Believe it or not, a woman stepped into the role of governor of Oregon more than a decade before American women even gained the right to vote. This means she became the first woman to assume a state’s top office. This happened over one weekend, while she served as the only governor — her impact on the state was minimal, but the fact that Carrie B. Shelton served as the state’s chief executive helped gain respect for women’s participation in politics and only added to the call for women’s suffrage.

She never actively sought the governorship, but instead was just in the right place when circumstances left the position open. When Governor George Chamberlain of Oregon resigned from office on Saturday, February 27, 1909, he boarded a train cross-country. He had to make his way to Washington, D.C., to be sworn in as a U.S. Senator. Though he hadn’t yet finished his second term as governor, it was vital that he arrived by March 4 to be sworn with the rest of the senate class. If he arrived late, the other members would have seniority over him. By the law of Oregon, Secretary of State Frank W. Benson would typically have assumed the role of acting governor over the weekend. But Benson was too sick to step in immediately, which meant that Chamberlain’s private secretary, Shelton, was the next natural successor to take the governor’s office for the next two days. Giving Benson enough time to recover before being sworn in on Monday morning, and that is how Shelton became America’s first female governor—11 years before the 19th Amendment granted women the right to vote.

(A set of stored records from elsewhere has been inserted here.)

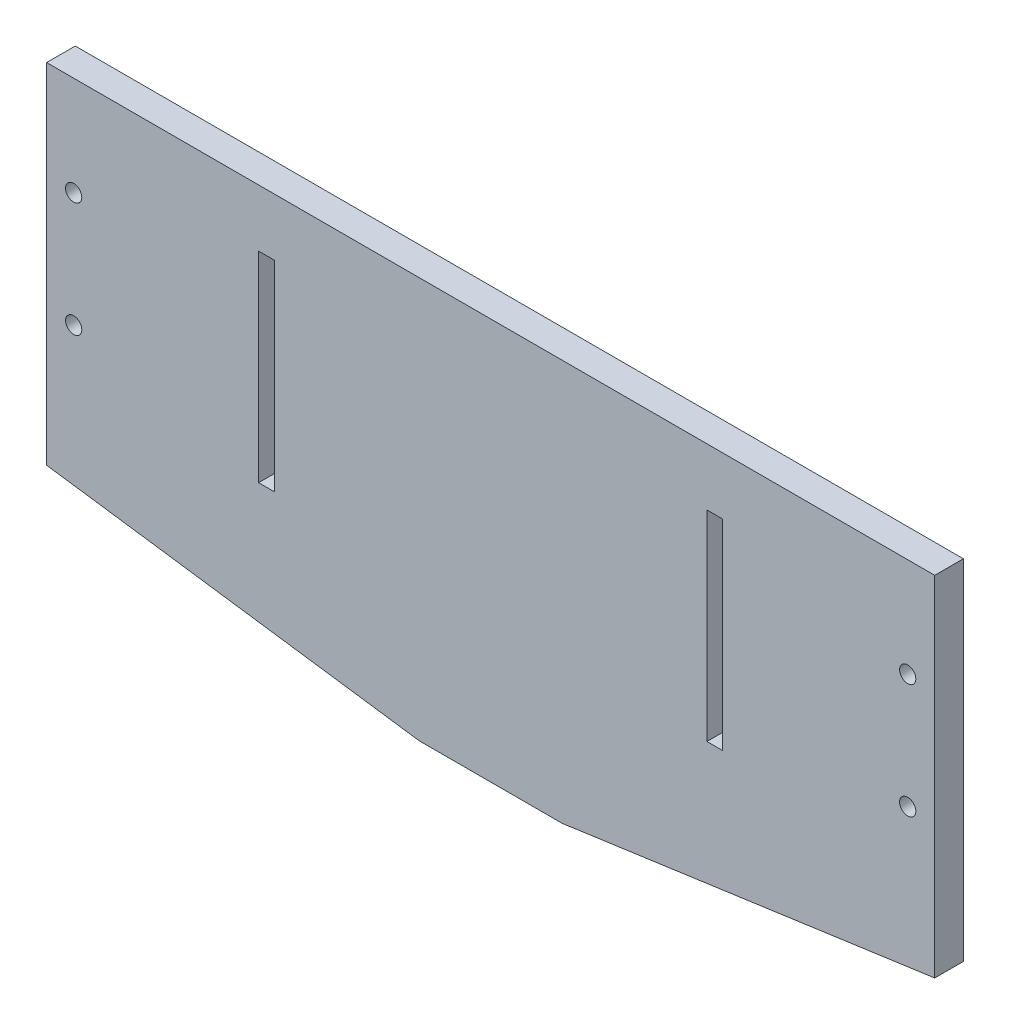
from build123d import *

# Parameters (mm, degrees)
SKETCH1_W            = 196.85
SKETCH1_H            = 127
BOSS_EXTRUDE1_DEPTH  = 6.35
M3_CLEARANCE_HOLE1_D = 3.6
SKETCH4_W            = 3.5052
SKETCH4_H            = 44.45
CUT_EXTRUDE1_DEPTH   = 235.348554508
CUT_EXTRUDE2_DEPTH   = 235.348554508


with BuildPart() as part:
    # Sketch1 → Boss-Extrude1 (new body)
    with BuildSketch(Plane.XY):
        with Locations((98.425, 63.5)):
            Rectangle(SKETCH1_W, SKETCH1_H)
    extrude(amount=BOSS_EXTRUDE1_DEPTH)

    # M3 Clearance Hole1 (through all)
    with Locations(Plane.XY.offset(6.35)):
        with Locations((5.9944, 105.0036), (5.9944, 79.6036), (190.8556, 79.6036), (190.8556, 105.0036)):
            Hole(M3_CLEARANCE_HOLE1_D / 2)

    # Sketch4 → Cut-Extrude1 (cut, through all)
    with BuildSketch(Plane.XY.offset(6.35)):
        with Locations((48.7426, 92.075)):
            Rectangle(SKETCH4_W, SKETCH4_H)
        with Locations((148.1074, 92.075)):
            Rectangle(SKETCH4_W, SKETCH4_H)
    extrude(amount=-CUT_EXTRUDE1_DEPTH, mode=Mode.SUBTRACT)

    # Sketch5 → Cut-Extrude2 (cut, through all)
    with BuildSketch(Plane.XY.offset(6.35)):
        Polygon((0, 49.701645905), (82.55, 38.1), (114.3, 38.1), (196.85, 49.701645905), (196.85, 0), (0, 0), align=None)
    extrude(amount=-CUT_EXTRUDE2_DEPTH, mode=Mode.SUBTRACT)


solid = part.part

During her brief role as governor, Shelton had the power to sign executive orders and veto bills —all before she could even legally cast a ballot. Genealogist Anne Mitchell, a great-great-niece of Shelton, spent many years collecting documents and papers on her family history, which she generously donated to the Willamette Heritage Center. Unfortunately, there isn’t much documentation that remains from Shelton’s time in office. Shelton marched in Washington, D.C., in 1913, along with fellow suffragists in Oregon when women were granted the right to vote the year before.